POLITICO.EU
By
JORDI SANCHEZ
22-05-2017.-
Unionist politicians often rebuke their critics with the platitude that Spain is already one of the most decentralized countries in the world. But is it really? No American, Belgian or Scot would accept devolved powers that could be overruled by a simple majority in the national parliament without consequences, as happens here.
On paper, Catalonia has home rule. In reality, not much is left. Thanks to Spain’s centralist zeal, Barcelona’s suburban trains, its airport and even its harbor are tightly controlled by the government in Madrid.
In Germany, by contrast, the city-state of Hamburg owns and controls its suburban train network, airport and seaport, without calling into question Germany’s unity. In the United States, the criminal code is determined by all 50 states. In Catalonia, we can’t even have our own High Council of the Judiciary. Every institution is tightly controlled and limited by the central government.

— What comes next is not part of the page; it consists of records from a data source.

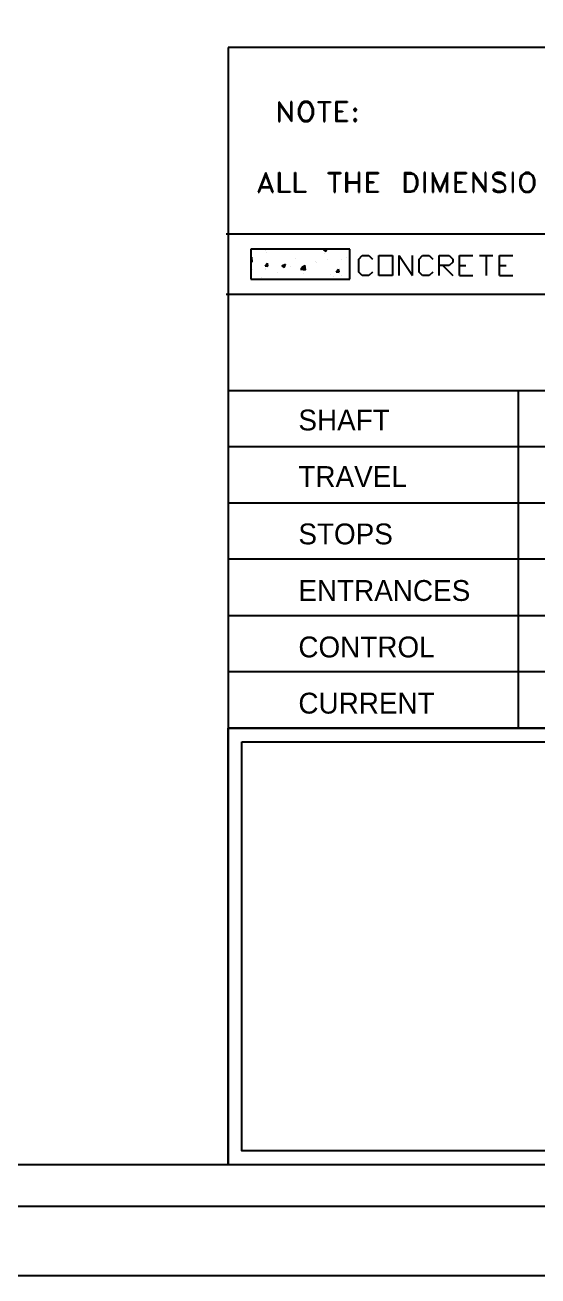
# Model space of a CAD drawing. Header units: millimetres. Extents: x -23396 to 106750, y 116 to 66281.
# Drawn here: x 34447 to 38140, y 116 to 9118 of the extents above; entities that cross this region are included whole.
import ezdxf

# ---------------------------------------------------------------- set-up
doc = ezdxf.new("R2010")
doc.units = ezdxf.units.MM

msp = doc.modelspace()

# ---------------------------------------------------------------- linework, layer by layer
at = {"color": 0}
for p, q in [((35908.545, 8955.947), (35908.545, 915.539)), ((44008.845, 8955.897), (35908.545, 8955.897)), ((36361.695, 8443.747), (36274.745, 8566.447)), ((36274.745, 8566.447), (36274.745, 8424.647)), ((36367.895, 8566.447), (36361.695, 8566.447)), ((36361.695, 8566.447), (36361.695, 8443.747)), ((36367.895, 8424.647), (36367.895, 8566.447)), ((36442.145, 8560.147), (36429.445, 8545.297)), ((36463.145, 8560.147), (36441.795, 8551.647)), ((36456.945, 8566.547), (36442.145, 8560.147)), ((36482.345, 8566.547), (36456.945, 8566.547)), ((36475.845, 8560.147), (36463.145, 8560.147)), ((36496.995, 8551.647), (36475.845, 8560.147)), ((36496.995, 8560.147), (36482.345, 8566.547)), ((36509.845, 8545.297), (36496.995, 8560.147)), ((36556.245, 8560.147), (36556.245, 8566.447)), ((36556.245, 8566.447), (36645.145, 8566.447)), ((36645.145, 8560.147), (36556.245, 8560.147)), ((36598.395, 8560.147), (36598.395, 8424.647)), ((36604.745, 8424.647), (36604.745, 8560.147)), ((36645.145, 8566.447), (36645.145, 8560.147)), ((36685.395, 8566.447), (36685.395, 8424.647)), ((36685.545, 8566.547), (36765.795, 8566.547)), ((36691.745, 8560.147), (36691.745, 8430.997)), ((36765.795, 8560.147), (36691.895, 8560.147)), ((36765.795, 8566.547), (36765.795, 8560.147)), ((36281.245, 8424.647), (36281.245, 8545.297)), ((36281.245, 8545.297), (36367.895, 8424.647)), ((36423.095, 8532.647), (36416.745, 8511.497)), ((36416.745, 8511.497), (36416.745, 8477.597)), ((36416.745, 8477.597), (36423.095, 8458.547)), ((36429.245, 8532.647), (36422.895, 8511.397)), ((36422.895, 8511.397), (36422.895, 8477.597)), ((36422.895, 8477.597), (36429.245, 8458.497)), ((36429.445, 8545.297), (36423.095, 8532.647)), ((36441.795, 8551.647), (36429.245, 8532.647)), ((36509.695, 8532.647), (36496.995, 8551.647)), ((36516.045, 8511.397), (36509.695, 8532.647)), ((36509.695, 8458.497), (36516.045, 8477.597)), ((36516.195, 8532.647), (36509.845, 8545.297)), ((36516.045, 8477.597), (36516.045, 8511.397)), ((36524.695, 8511.497), (36516.195, 8532.647)), ((36516.195, 8458.547), (36524.695, 8477.597)), ((36524.695, 8477.597), (36524.695, 8511.497)), ((36691.545, 8498.747), (36731.945, 8498.747)), ((36731.945, 8492.397), (36691.545, 8492.397)), ((36731.945, 8498.747), (36731.945, 8492.397)), ((36820.645, 8517.747), (36814.295, 8511.397)), ((36814.295, 8511.397), (36814.295, 8505.047)), ((36814.295, 8505.047), (36820.645, 8498.747)), ((36826.995, 8517.747), (36820.645, 8517.747)), ((36820.645, 8511.397), (36820.645, 8505.047)), ((36826.995, 8511.397), (36820.645, 8511.397)), ((36820.645, 8505.047), (36826.995, 8505.047)), ((36820.645, 8498.747), (36826.995, 8498.747)), ((36833.345, 8511.397), (36826.995, 8517.747)), ((36826.995, 8505.047), (36826.995, 8511.397)), ((36826.995, 8498.747), (36833.345, 8505.047)), ((36833.345, 8505.047), (36833.345, 8511.397)), ((36274.745, 8424.647), (36281.245, 8424.647)), ((36423.095, 8458.547), (36429.445, 8443.747)), ((36429.245, 8458.497), (36441.795, 8437.347)), ((36429.445, 8443.747), (36442.145, 8431.047)), ((36441.795, 8437.347), (36463.145, 8430.997)), ((36442.145, 8431.047), (36456.945, 8424.647)), ((36456.945, 8424.647), (36482.345, 8424.647)), ((36463.145, 8430.997), (36475.845, 8430.997)), ((36475.845, 8430.997), (36496.995, 8437.347)), ((36482.345, 8424.647), (36496.995, 8431.047)), ((36496.995, 8437.347), (36509.695, 8458.497)), ((36496.995, 8431.047), (36509.845, 8443.747)), ((36509.845, 8443.747), (36516.195, 8458.547)), ((36598.395, 8424.647), (36604.745, 8424.647)), ((36765.795, 8424.647), (36685.545, 8424.647)), ((36691.895, 8430.997), (36765.795, 8430.997)), ((36765.795, 8430.997), (36765.795, 8424.647)), ((36820.645, 8443.697), (36814.295, 8437.347)), ((36814.295, 8437.347), (36814.295, 8430.997)), ((36814.295, 8430.997), (36820.645, 8424.647)), ((36826.995, 8443.697), (36820.645, 8443.697)), ((36820.645, 8437.347), (36820.645, 8430.997)), ((36826.995, 8437.347), (36820.645, 8437.347)), ((36820.645, 8430.997), (36826.995, 8430.997)), ((36820.645, 8424.647), (36826.995, 8424.647)), ((36833.345, 8437.347), (36826.995, 8443.697)), ((36826.995, 8430.997), (36826.995, 8437.347)), ((36826.995, 8424.647), (36833.345, 8430.997)), ((36833.345, 8430.997), (36833.345, 8437.347)), ((36179.495, 8056.397), (36124.645, 7914.597)), ((36133.095, 7914.597), (36179.495, 8035.247)), ((36232.595, 7914.597), (36179.495, 8056.397)), ((36179.495, 8035.247), (36226.245, 7914.597)), ((36274.895, 7914.597), (36274.895, 8056.397)), ((36274.895, 8056.397), (36281.245, 8056.397)), ((36281.245, 8056.397), (36281.245, 7920.897)), ((36389.045, 7914.497), (36389.045, 8056.397)), ((36389.045, 8056.397), (36395.395, 8056.397)), ((36395.395, 8056.397), (36395.395, 7920.897)), ((36632.445, 8047.897), (36632.445, 8056.397)), ((36632.445, 8056.397), (36719.245, 8056.397)), ((36719.245, 8047.897), (36632.445, 8047.897)), ((36672.695, 8047.897), (36672.695, 7914.497)), ((36679.045, 7914.497), (36679.045, 8047.897)), ((36719.245, 8056.397), (36719.245, 8047.897)), ((36759.445, 7914.597), (36759.445, 8056.397)), ((36759.445, 8056.397), (36765.795, 8056.397)), ((36765.795, 8056.397), (36765.795, 7914.597)), ((36854.695, 8056.397), (36848.345, 8056.397)), ((36848.345, 8056.397), (36848.345, 7914.497)), ((36854.695, 7914.497), (36854.695, 8056.397)), ((36907.645, 8056.397), (36907.645, 7914.497)), ((36907.645, 8056.297), (36990.195, 8056.297)), ((36990.195, 8047.897), (36913.795, 8047.897)), ((36913.995, 8047.897), (36913.995, 7920.847)), ((36990.195, 8056.297), (36990.195, 8047.897)), ((37178.395, 8056.397), (37224.945, 8056.397)), ((37178.395, 8056.297), (37178.395, 7914.497)), ((37184.745, 8047.897), (37225.145, 8047.897)), ((37185.095, 8047.897), (37185.095, 7920.897)), ((37224.945, 8056.397), (37246.295, 8047.897)), ((37225.145, 8047.897), (37246.095, 8041.497)), ((37246.095, 8041.497), (37252.645, 8035.147)), ((37246.295, 8047.897), (37258.995, 8035.147)), ((37252.645, 8035.147), (37258.795, 8022.497)), ((37258.795, 8022.497), (37265.145, 8001.347)), ((37258.995, 8035.147), (37265.145, 8022.497)), ((37265.145, 8022.497), (37271.495, 8001.347)), ((37326.745, 8056.397), (37320.545, 8056.397)), ((37320.545, 8056.397), (37320.545, 7914.597)), ((37326.745, 7914.597), (37326.745, 8056.397)), ((37434.695, 7933.597), (37379.645, 8056.397)), ((37379.645, 8056.397), (37379.645, 7914.497)), ((37387.945, 7914.497), (37387.945, 8022.497)), ((37387.945, 8022.497), (37434.695, 7914.497)), ((37487.595, 8056.397), (37434.695, 7933.597)), ((37434.695, 7914.497), (37481.245, 8022.497)), ((37481.245, 8022.497), (37481.245, 7914.497)), ((37487.595, 7914.497), (37487.595, 8056.397)), ((37542.645, 8056.397), (37542.645, 7914.597)), ((37542.645, 8056.297), (37622.895, 8056.297)), ((37622.895, 8047.847), (37548.795, 8047.847)), ((37548.995, 8047.897), (37548.995, 7920.897)), ((37622.895, 8056.297), (37622.895, 8047.847)), ((37758.695, 7933.597), (37671.895, 8056.397)), ((37671.895, 8056.397), (37671.895, 7914.597)), ((37678.245, 7914.597), (37678.245, 8035.247)), ((37678.245, 8035.247), (37765.045, 7914.597)), ((37765.045, 8056.397), (37758.695, 8056.397)), ((37758.695, 8056.397), (37758.695, 7933.597)), ((37765.045, 7914.597), (37765.045, 8056.397)), ((37826.245, 8047.897), (37813.545, 8035.247)), ((37813.545, 8035.247), (37813.545, 8022.497)), ((37813.545, 8022.497), (37819.895, 8007.647)), ((37819.895, 8035.247), (37826.245, 8041.547)), ((37819.895, 8022.497), (37819.895, 8035.247)), ((37826.245, 8007.647), (37819.895, 8022.497)), ((37845.295, 8056.397), (37826.245, 8047.897)), ((37826.245, 8041.547), (37845.295, 8047.897)), ((37872.845, 8056.397), (37845.295, 8056.397)), ((37845.295, 8047.897), (37872.845, 8047.897)), ((37893.995, 8047.897), (37872.845, 8056.397)), ((37872.845, 8047.897), (37887.645, 8041.547)), ((37887.645, 8041.547), (37893.995, 8035.247)), ((37906.695, 8035.247), (37893.995, 8047.897)), ((37893.995, 8035.247), (37906.695, 8035.247)), ((37961.545, 8056.397), (37955.395, 8056.397)), ((37955.395, 8056.397), (37955.395, 7914.497)), ((37961.545, 7914.497), (37961.545, 8056.397)), ((38014.645, 8022.497), (38008.445, 8001.347)), ((38020.995, 8035.247), (38014.645, 8022.497)), ((38020.995, 8022.547), (38014.645, 8001.347)), ((38035.795, 8047.897), (38020.995, 8035.247)), ((38035.995, 8041.547), (38020.995, 8022.547)), ((38048.495, 8056.397), (38035.795, 8047.897)), ((38055.045, 8047.897), (38035.995, 8041.547)), ((38076.195, 8056.397), (38048.495, 8056.397)), ((38069.845, 8047.897), (38055.045, 8047.897)), ((38088.745, 8041.547), (38069.845, 8047.897)), ((38088.745, 8047.897), (38076.195, 8056.397)), ((38103.545, 8035.247), (38088.745, 8047.897)), ((38103.695, 8022.547), (38088.745, 8041.547)), ((38109.895, 8022.497), (38103.545, 8035.247)), ((38110.045, 8001.347), (38103.695, 8022.547)), ((38116.245, 8001.347), (38109.895, 8022.497)), ((36139.095, 7948.397), (36219.545, 7948.397)), ((36145.445, 7954.747), (36213.195, 7954.747)), ((36765.795, 7988.647), (36848.345, 7988.647)), ((36765.795, 7982.297), (36848.345, 7982.297)), ((36913.795, 7988.547), (36956.145, 7988.547)), ((36956.145, 7982.247), (36913.795, 7982.247)), ((36956.145, 7988.547), (36956.145, 7982.247)), ((37246.095, 7927.197), (37225.145, 7920.847)), ((37252.645, 7933.597), (37246.095, 7927.197)), ((37258.995, 7933.597), (37246.295, 7920.847)), ((37258.795, 7948.397), (37252.645, 7933.597)), ((37265.145, 7967.447), (37258.795, 7948.397)), ((37265.145, 7948.397), (37258.995, 7933.597)), ((37265.145, 8001.347), (37265.145, 7967.447)), ((37271.495, 7967.447), (37265.145, 7948.397)), ((37271.495, 8001.347), (37271.495, 7967.447)), ((37548.995, 7988.647), (37589.345, 7988.647)), ((37589.345, 7982.297), (37548.995, 7982.297)), ((37589.345, 7988.647), (37589.345, 7982.297)), ((37813.545, 7933.597), (37826.245, 7920.897)), ((37826.245, 7933.597), (37813.545, 7933.597)), ((37819.895, 8007.647), (37826.245, 8001.347)), ((37838.945, 8001.347), (37826.245, 8007.647)), ((37826.245, 8001.347), (37838.945, 7994.997)), ((37832.595, 7927.247), (37826.245, 7933.597)), ((37845.295, 7920.897), (37832.595, 7927.247)), ((37872.845, 7988.647), (37838.945, 8001.347)), ((37838.945, 7994.997), (37872.845, 7982.297)), ((37887.645, 7982.297), (37872.845, 7988.647)), ((37872.845, 7982.297), (37887.645, 7973.847)), ((37893.995, 7927.247), (37872.845, 7920.897)), ((37900.345, 7967.447), (37887.645, 7982.297)), ((37887.645, 7973.847), (37893.995, 7967.447)), ((37893.995, 7967.447), (37900.345, 7954.747)), ((37893.995, 7920.897), (37906.695, 7933.597)), ((37900.345, 7933.597), (37893.995, 7927.247)), ((37906.695, 7954.747), (37900.345, 7967.447)), ((37900.345, 7954.747), (37900.345, 7933.597)), ((37906.695, 7933.597), (37906.695, 7954.747)), ((38008.445, 8001.347), (38008.445, 7967.497)), ((38008.445, 7967.497), (38014.645, 7948.397)), ((38014.645, 8001.347), (38014.645, 7967.497)), ((38014.645, 7967.497), (38020.995, 7948.397)), ((38014.645, 7948.397), (38020.995, 7933.597)), ((38020.995, 7948.397), (38035.995, 7927.247)), ((38020.995, 7933.597), (38035.795, 7920.897)), ((38035.995, 7927.247), (38055.045, 7920.897)), ((38069.845, 7920.897), (38088.745, 7927.247)), ((38088.745, 7927.247), (38103.695, 7948.397)), ((38088.745, 7920.897), (38103.545, 7933.597)), ((38103.545, 7933.597), (38109.895, 7948.397)), ((38103.695, 7948.397), (38110.045, 7967.497)), ((38109.895, 7948.397), (38116.245, 7967.497)), ((38110.045, 7967.497), (38110.045, 8001.347)), ((38116.245, 7967.497), (38116.245, 8001.347)), ((36124.645, 7914.597), (36133.095, 7914.597)), ((36226.245, 7914.597), (36232.595, 7914.597)), ((36355.195, 7914.597), (36274.895, 7914.597)), ((36281.245, 7920.897), (36355.195, 7920.897)), ((36355.195, 7920.897), (36355.195, 7914.597)), ((36469.495, 7914.497), (36389.045, 7914.497)), ((36395.395, 7920.897), (36469.495, 7920.897)), ((36469.495, 7920.897), (36469.495, 7914.497)), ((36672.695, 7914.497), (36679.045, 7914.497)), ((36765.795, 7914.597), (36759.445, 7914.597)), ((36848.345, 7914.497), (36854.695, 7914.497)), ((36990.195, 7914.497), (36907.645, 7914.497)), ((36913.795, 7920.897), (36990.195, 7920.897)), ((36990.195, 7920.897), (36990.195, 7914.497)), ((37224.945, 7914.497), (37178.395, 7914.497)), ((37225.145, 7920.847), (37184.745, 7920.847)), ((37246.295, 7920.847), (37224.945, 7914.497)), ((37320.545, 7914.597), (37326.745, 7914.597)), ((37379.645, 7914.497), (37387.945, 7914.497)), ((37481.245, 7914.497), (37487.595, 7914.497)), ((37622.895, 7914.497), (37542.645, 7914.497)), ((37548.795, 7920.847), (37622.895, 7920.847)), ((37622.895, 7920.847), (37622.895, 7914.497)), ((37671.895, 7914.597), (37678.245, 7914.597)), ((37826.245, 7920.897), (37845.295, 7914.497)), ((37872.845, 7920.897), (37845.295, 7920.897)), ((37845.295, 7914.497), (37872.845, 7914.497)), ((37872.845, 7914.497), (37893.995, 7920.897)), ((37955.395, 7914.497), (37961.545, 7914.497)), ((38035.795, 7920.897), (38048.495, 7914.597)), ((38048.495, 7914.597), (38076.195, 7914.597)), ((38055.045, 7920.897), (38069.845, 7920.897)), ((38076.195, 7914.597), (38088.745, 7920.897)), ((44008.845, 7611.847), (35895.695, 7611.847)), ((36784.845, 7506.047), (36071.695, 7506.047)), ((36071.695, 7506.047), (36071.695, 7290.147)), ((36179.645, 7497.597), (36179.645, 7497.597)), ((36183.545, 7478.497), (36183.545, 7478.497)), ((36363.645, 7501.797), (36363.645, 7501.797)), ((36607.045, 7506.047), (36596.495, 7499.647)), ((36596.495, 7499.647), (36613.595, 7489.097)), ((36600.895, 7474.297), (36600.895, 7474.297)), ((36613.395, 7489.097), (36619.745, 7506.047)), ((36784.845, 7290.147), (36784.845, 7506.047)), ((36071.695, 7440.447), (36080.195, 7446.797)), ((36071.695, 7415.047), (36082.145, 7412.897)), ((36082.145, 7412.897), (36080.195, 7446.747)), ((36175.245, 7385.397), (36192.195, 7404.447)), ((36175.245, 7385.347), (36196.245, 7383.197)), ((36183.545, 7402.297), (36183.545, 7402.297)), ((36196.245, 7383.197), (36191.995, 7404.447)), ((36295.895, 7385.397), (36321.295, 7395.947)), ((36295.895, 7385.397), (36312.845, 7372.647)), ((36310.745, 7385.397), (36310.745, 7385.397)), ((36312.845, 7372.647), (36321.295, 7395.947)), ((36359.395, 7383.197), (36359.395, 7383.197)), ((36391.145, 7438.347), (36391.145, 7438.347)), ((36431.545, 7362.147), (36448.495, 7383.297)), ((36433.495, 7359.997), (36460.995, 7389.597)), ((36452.545, 7359.997), (36448.145, 7383.297)), ((36465.045, 7355.697), (36460.845, 7389.597)), ((36534.895, 7414.997), (36534.895, 7414.997)), ((36543.545, 7408.647), (36543.545, 7408.647)), ((36624.145, 7427.697), (36624.145, 7427.697)), ((36727.545, 7434.047), (36727.545, 7434.047)), ((36759.445, 7444.647), (36759.445, 7444.647)), ((36850.295, 7434.047), (36873.745, 7459.497)), ((36850.295, 7338.847), (36850.295, 7434.047)), ((36873.745, 7459.497), (36922.445, 7459.497)), ((36922.445, 7459.497), (36947.845, 7434.047)), ((36994.595, 7315.547), (36994.595, 7459.497)), ((36994.595, 7459.497), (37091.945, 7459.497)), ((37091.945, 7459.497), (37091.945, 7315.547)), ((37140.445, 7315.547), (37140.445, 7459.497)), ((37140.445, 7459.497), (37235.695, 7315.547)), ((37235.695, 7315.547), (37235.695, 7459.497)), ((37284.195, 7434.047), (37307.695, 7459.397)), ((37284.195, 7338.847), (37284.195, 7434.047)), ((37307.695, 7459.397), (37356.195, 7459.397)), ((37356.195, 7459.397), (37381.745, 7434.047)), ((37428.345, 7315.547), (37428.345, 7459.497)), ((37428.345, 7459.497), (37500.445, 7459.497)), ((37500.445, 7387.497), (37428.345, 7387.497)), ((37453.745, 7387.497), (37525.695, 7315.547)), ((37500.445, 7459.497), (37525.695, 7434.047)), ((37525.695, 7410.747), (37500.445, 7387.497)), ((37525.695, 7434.047), (37525.695, 7410.747)), ((37574.395, 7315.447), (37574.395, 7459.497)), ((37574.395, 7459.497), (37669.445, 7459.497)), ((37574.395, 7387.497), (37620.945, 7387.497)), ((37718.295, 7459.497), (37813.545, 7459.497)), ((37766.995, 7459.497), (37766.995, 7315.547)), ((37862.395, 7315.547), (37862.395, 7459.497)), ((37862.395, 7459.497), (37959.595, 7459.497)), ((37862.395, 7387.547), (37910.945, 7387.547)), ((36071.545, 7347.247), (36071.545, 7347.247)), ((36086.545, 7355.797), (36086.545, 7355.797)), ((36147.745, 7298.597), (36147.745, 7298.597)), ((36175.245, 7368.447), (36175.245, 7368.447)), ((36179.645, 7359.997), (36179.645, 7359.997)), ((36262.045, 7338.847), (36262.045, 7338.847)), ((36431.195, 7362.047), (36452.545, 7359.997)), ((36433.295, 7359.997), (36465.045, 7355.697)), ((36452.545, 7330.347), (36452.545, 7330.347)), ((36643.045, 7321.897), (36643.045, 7321.897)), ((36666.345, 7304.947), (36666.345, 7304.947)), ((36687.495, 7340.897), (36704.245, 7359.997)), ((36687.495, 7340.897), (36708.645, 7338.847)), ((36708.645, 7338.847), (36704.245, 7359.997)), ((36723.645, 7315.547), (36723.645, 7315.547)), ((36873.745, 7315.547), (36850.295, 7338.847)), ((36922.445, 7315.547), (36873.745, 7315.547)), ((36947.845, 7338.847), (36922.445, 7315.547)), ((37091.945, 7315.547), (36994.595, 7315.547)), ((37307.695, 7315.547), (37284.195, 7338.847)), ((37356.195, 7315.547), (37307.695, 7315.547)), ((37381.745, 7338.847), (37356.195, 7315.547)), ((37574.395, 7315.447), (37669.445, 7315.447)), ((37862.395, 7315.547), (37959.595, 7315.547)), ((36071.695, 7290.147), (36784.845, 7290.147)), ((36338.245, 7290.147), (36338.245, 7290.147)), ((44008.845, 7177.947), (35895.695, 7177.947)), ((44008.845, 7177.947), (35908.545, 7177.947)), ((44008.845, 6486.539), (35908.545, 6486.539)), ((37997.895, 6486.539), (37997.895, 4058.784)), ((44008.845, 6082.289), (35908.545, 6082.289)), ((44008.845, 5678.039), (35908.545, 5678.039)), ((44008.845, 5273.714), (35908.545, 5273.714)), ((44008.845, 4867.334), (35908.545, 4867.334)), ((44008.845, 4463.034), (35908.545, 4463.034)), ((44008.845, 4058.784), (35908.545, 4058.784)), ((44008.845, 915.539), (1011.055, 915.539))]:
    msp.add_line(p, q, dxfattribs=at)
at = {"linetype": 'Continuous'}
for points in [[(211.055, 31714.889), (44808.845, 31714.889), (44808.845, 115.539), (211.055, 115.539)], [(711.055, 31214.889), (44308.845, 31214.889), (44308.845, 615.539), (711.055, 615.539)], [(1011.055, 30914.889), (44008.845, 30914.889), (44008.845, 915.539), (1011.055, 915.539)], [(35908.545, 4058.784), (44008.845, 4058.784), (44008.845, 915.539), (35908.545, 915.539)], [(36008.545, 3958.784), (43908.845, 3958.784), (43908.845, 1015.539), (36008.545, 1015.539)]]:
    msp.add_lwpolyline(points, close=True, dxfattribs=at)

# ---------------------------------------------------------------- texts
at = {"linetype": 'Continuous', "char_height": 150, "attachment_point": 1}
for s, insert in [('SHAFT ', (36414.974, 6350.586)), ('TRAVEL', (36414.974, 5943.532)), ('STOPS', (36414.974, 5530.663)), ('ENTRANCES', (36414.974, 5123.608)), ('CONTROL', (36414.974, 4717.228)), ('CURRENT', (36414.974, 4312.928))]:
    msp.add_mtext_dynamic_manual_height_columns(s, width=448.71601, gutter_width=536.653, heights=[150], dxfattribs=dict(at, insert=insert))

doc.saveas('drawing.dxf')

To add insult to injury, more than 40 years after the death of dictator Francisco Franco, Catalans are still being discriminated against for speaking their own language. In one of countless examples this year already, a university professor was
fined €601 for daring to speak Catalan to a Spanish police officer at Barcelona airport.
There were two decisions by the central authorities that served as the conclusive detonators for the independence movement. One was Madrid’s repeated refusal to comply with public investment commitments in Catalonia. The other was the Constitutional Court’s 2010 judgment on the Catalan Statute of Autonomy, whereby the court, acting at the behest of Madrid’s governing Popular Party, presumed to correct the Catalan people’s democratic will.
The court modified and cut back a text approved by the parliaments of Spain and Catalonia and, most importantly, by 73.9 percent of Catalan voters in a binding referendum. The court — whose members have clear party links and are suspected by many of
following party lines — did the conservatives’ dirty job and imposed the party’s agenda. In doing so, it violated the constitution it is meant to protect.
This is nothing new. Successive Spanish governments have violated Catalan autonomy with impunity. They have pushed through legislation on issues over which they have no mandate and challenged perfectly constitutional Catalan decrees, thus automatically blocking them. Meanwhile, Spanish Prime Minister Mariano Rajoy’s administration has failed to comply with 34 Constitutional Court judgments that are favorable to Catalonia.
Spain’s congress and government have repeatedly
turned down requests for a binding referendum on independence — a measure that enjoys the support of as many as 8 out of 10 of the region’s residents, according to most polls.
Indeed, more than half of the Catalan population says it would support a binding referendum — even if holding one was prohibited by Spanish law or opposed by the government. Polls also show that an overwhelming majority would accept the result of a referendum, whatever the result.